[Items from a data source]
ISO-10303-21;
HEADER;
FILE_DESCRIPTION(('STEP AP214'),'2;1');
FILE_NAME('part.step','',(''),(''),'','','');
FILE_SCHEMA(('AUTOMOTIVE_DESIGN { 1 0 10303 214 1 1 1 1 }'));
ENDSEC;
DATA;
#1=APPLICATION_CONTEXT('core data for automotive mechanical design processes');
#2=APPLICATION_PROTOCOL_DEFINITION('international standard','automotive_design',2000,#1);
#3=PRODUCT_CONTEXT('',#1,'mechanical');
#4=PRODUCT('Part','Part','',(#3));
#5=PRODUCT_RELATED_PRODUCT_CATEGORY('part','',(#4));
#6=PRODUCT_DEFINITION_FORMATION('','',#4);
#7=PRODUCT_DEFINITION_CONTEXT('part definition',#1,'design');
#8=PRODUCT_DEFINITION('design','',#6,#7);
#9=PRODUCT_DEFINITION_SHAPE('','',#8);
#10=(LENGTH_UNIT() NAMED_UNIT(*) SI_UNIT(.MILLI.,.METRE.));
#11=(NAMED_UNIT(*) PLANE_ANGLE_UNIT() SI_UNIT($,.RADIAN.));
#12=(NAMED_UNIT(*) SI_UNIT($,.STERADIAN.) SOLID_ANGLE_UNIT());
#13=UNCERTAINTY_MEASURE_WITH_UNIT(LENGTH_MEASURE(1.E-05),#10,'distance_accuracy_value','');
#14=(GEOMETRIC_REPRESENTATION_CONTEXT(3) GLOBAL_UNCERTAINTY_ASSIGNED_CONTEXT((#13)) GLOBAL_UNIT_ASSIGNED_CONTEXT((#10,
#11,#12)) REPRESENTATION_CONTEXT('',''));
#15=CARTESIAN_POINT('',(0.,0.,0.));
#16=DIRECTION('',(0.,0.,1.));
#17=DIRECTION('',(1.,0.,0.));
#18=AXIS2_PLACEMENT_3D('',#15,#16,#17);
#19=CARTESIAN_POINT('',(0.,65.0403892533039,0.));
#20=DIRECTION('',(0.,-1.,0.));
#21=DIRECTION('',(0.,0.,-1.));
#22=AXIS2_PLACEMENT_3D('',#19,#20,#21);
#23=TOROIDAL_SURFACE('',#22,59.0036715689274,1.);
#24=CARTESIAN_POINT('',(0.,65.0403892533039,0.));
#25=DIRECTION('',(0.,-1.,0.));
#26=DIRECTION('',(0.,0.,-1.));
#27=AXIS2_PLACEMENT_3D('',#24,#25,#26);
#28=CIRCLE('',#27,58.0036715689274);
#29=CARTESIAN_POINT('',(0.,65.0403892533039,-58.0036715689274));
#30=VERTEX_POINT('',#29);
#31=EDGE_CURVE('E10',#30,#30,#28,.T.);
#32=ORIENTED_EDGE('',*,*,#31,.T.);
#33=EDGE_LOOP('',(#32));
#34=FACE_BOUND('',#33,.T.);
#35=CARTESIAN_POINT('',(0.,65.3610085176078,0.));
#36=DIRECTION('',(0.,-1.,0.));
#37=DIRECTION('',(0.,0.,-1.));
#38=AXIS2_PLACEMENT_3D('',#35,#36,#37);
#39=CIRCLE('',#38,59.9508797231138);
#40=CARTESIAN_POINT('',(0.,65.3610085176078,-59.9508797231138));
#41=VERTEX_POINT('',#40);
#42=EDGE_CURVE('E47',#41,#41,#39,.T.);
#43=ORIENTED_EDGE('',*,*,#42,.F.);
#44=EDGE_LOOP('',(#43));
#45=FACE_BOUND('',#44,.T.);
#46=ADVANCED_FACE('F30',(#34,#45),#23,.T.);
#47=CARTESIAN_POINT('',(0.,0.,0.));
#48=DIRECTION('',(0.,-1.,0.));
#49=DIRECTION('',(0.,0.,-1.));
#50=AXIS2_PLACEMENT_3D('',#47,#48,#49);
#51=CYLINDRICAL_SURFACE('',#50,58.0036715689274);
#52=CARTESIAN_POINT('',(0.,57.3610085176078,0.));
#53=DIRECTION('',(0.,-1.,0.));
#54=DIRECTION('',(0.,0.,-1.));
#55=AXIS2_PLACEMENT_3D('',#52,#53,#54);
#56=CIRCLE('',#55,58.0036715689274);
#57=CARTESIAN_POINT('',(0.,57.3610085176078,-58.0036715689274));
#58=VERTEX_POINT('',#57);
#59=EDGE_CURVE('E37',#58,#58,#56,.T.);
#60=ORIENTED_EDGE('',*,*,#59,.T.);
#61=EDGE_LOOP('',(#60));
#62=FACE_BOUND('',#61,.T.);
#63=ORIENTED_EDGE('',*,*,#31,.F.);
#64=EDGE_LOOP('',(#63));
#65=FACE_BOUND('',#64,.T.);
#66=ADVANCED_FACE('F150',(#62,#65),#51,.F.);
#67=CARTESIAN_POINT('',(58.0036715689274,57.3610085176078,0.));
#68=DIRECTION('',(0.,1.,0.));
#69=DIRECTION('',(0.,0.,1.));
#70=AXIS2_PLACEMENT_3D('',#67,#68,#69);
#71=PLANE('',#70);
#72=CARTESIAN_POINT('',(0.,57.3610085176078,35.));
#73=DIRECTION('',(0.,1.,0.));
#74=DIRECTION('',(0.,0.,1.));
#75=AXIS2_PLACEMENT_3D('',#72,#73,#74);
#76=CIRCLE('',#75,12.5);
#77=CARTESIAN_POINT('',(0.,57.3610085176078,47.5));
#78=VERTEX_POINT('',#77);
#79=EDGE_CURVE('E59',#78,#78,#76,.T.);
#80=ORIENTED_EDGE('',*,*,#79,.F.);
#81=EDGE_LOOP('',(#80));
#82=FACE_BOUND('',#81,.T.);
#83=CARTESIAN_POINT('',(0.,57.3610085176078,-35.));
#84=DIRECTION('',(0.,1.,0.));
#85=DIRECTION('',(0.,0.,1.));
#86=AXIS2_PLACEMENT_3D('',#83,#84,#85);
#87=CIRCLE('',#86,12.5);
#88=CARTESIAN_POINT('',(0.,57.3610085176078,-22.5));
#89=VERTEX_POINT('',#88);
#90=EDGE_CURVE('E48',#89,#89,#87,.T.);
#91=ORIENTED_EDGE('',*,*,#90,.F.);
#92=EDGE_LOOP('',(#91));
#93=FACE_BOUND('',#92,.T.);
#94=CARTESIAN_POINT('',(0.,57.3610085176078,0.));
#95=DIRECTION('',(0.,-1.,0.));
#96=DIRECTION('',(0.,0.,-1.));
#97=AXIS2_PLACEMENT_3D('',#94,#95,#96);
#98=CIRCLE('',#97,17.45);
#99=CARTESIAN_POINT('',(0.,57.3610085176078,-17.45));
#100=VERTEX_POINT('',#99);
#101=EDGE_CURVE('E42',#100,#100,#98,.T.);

▶ **What needs to be done**: Give again the closing portion of the entries, from the line with "#65=FACE_BOUND('',#64,.T.);" through the last line. Keep it exact and add nothing.

▶ **Written solution**:
#65=FACE_BOUND('',#64,.T.);
#66=ADVANCED_FACE('F150',(#62,#65),#51,.F.);
#67=CARTESIAN_POINT('',(58.0036715689274,57.3610085176078,0.));
#68=DIRECTION('',(0.,1.,0.));
#69=DIRECTION('',(0.,0.,1.));
#70=AXIS2_PLACEMENT_3D('',#67,#68,#69);
#71=PLANE('',#70);
#72=CARTESIAN_POINT('',(0.,57.3610085176078,35.));
#73=DIRECTION('',(0.,1.,0.));
#74=DIRECTION('',(0.,0.,1.));
#75=AXIS2_PLACEMENT_3D('',#72,#73,#74);
#76=CIRCLE('',#75,12.5);
#77=CARTESIAN_POINT('',(0.,57.3610085176078,47.5));
#78=VERTEX_POINT('',#77);
#79=EDGE_CURVE('E59',#78,#78,#76,.T.);
#80=ORIENTED_EDGE('',*,*,#79,.F.);
#81=EDGE_LOOP('',(#80));
#82=FACE_BOUND('',#81,.T.);
#83=CARTESIAN_POINT('',(0.,57.3610085176078,-35.));
#84=DIRECTION('',(0.,1.,0.));
#85=DIRECTION('',(0.,0.,1.));
#86=AXIS2_PLACEMENT_3D('',#83,#84,#85);
#87=CIRCLE('',#86,12.5);
#88=CARTESIAN_POINT('',(0.,57.3610085176078,-22.5));
#89=VERTEX_POINT('',#88);
#90=EDGE_CURVE('E48',#89,#89,#87,.T.);
#91=ORIENTED_EDGE('',*,*,#90,.F.);
#92=EDGE_LOOP('',(#91));
#93=FACE_BOUND('',#92,.T.);
#94=CARTESIAN_POINT('',(0.,57.3610085176078,0.));
#95=DIRECTION('',(0.,-1.,0.));
#96=DIRECTION('',(0.,0.,-1.));
#97=AXIS2_PLACEMENT_3D('',#94,#95,#96);
#98=CIRCLE('',#97,17.45);
#99=CARTESIAN_POINT('',(0.,57.3610085176078,-17.45));
#100=VERTEX_POINT('',#99);
#101=EDGE_CURVE('E42',#100,#100,#98,.T.);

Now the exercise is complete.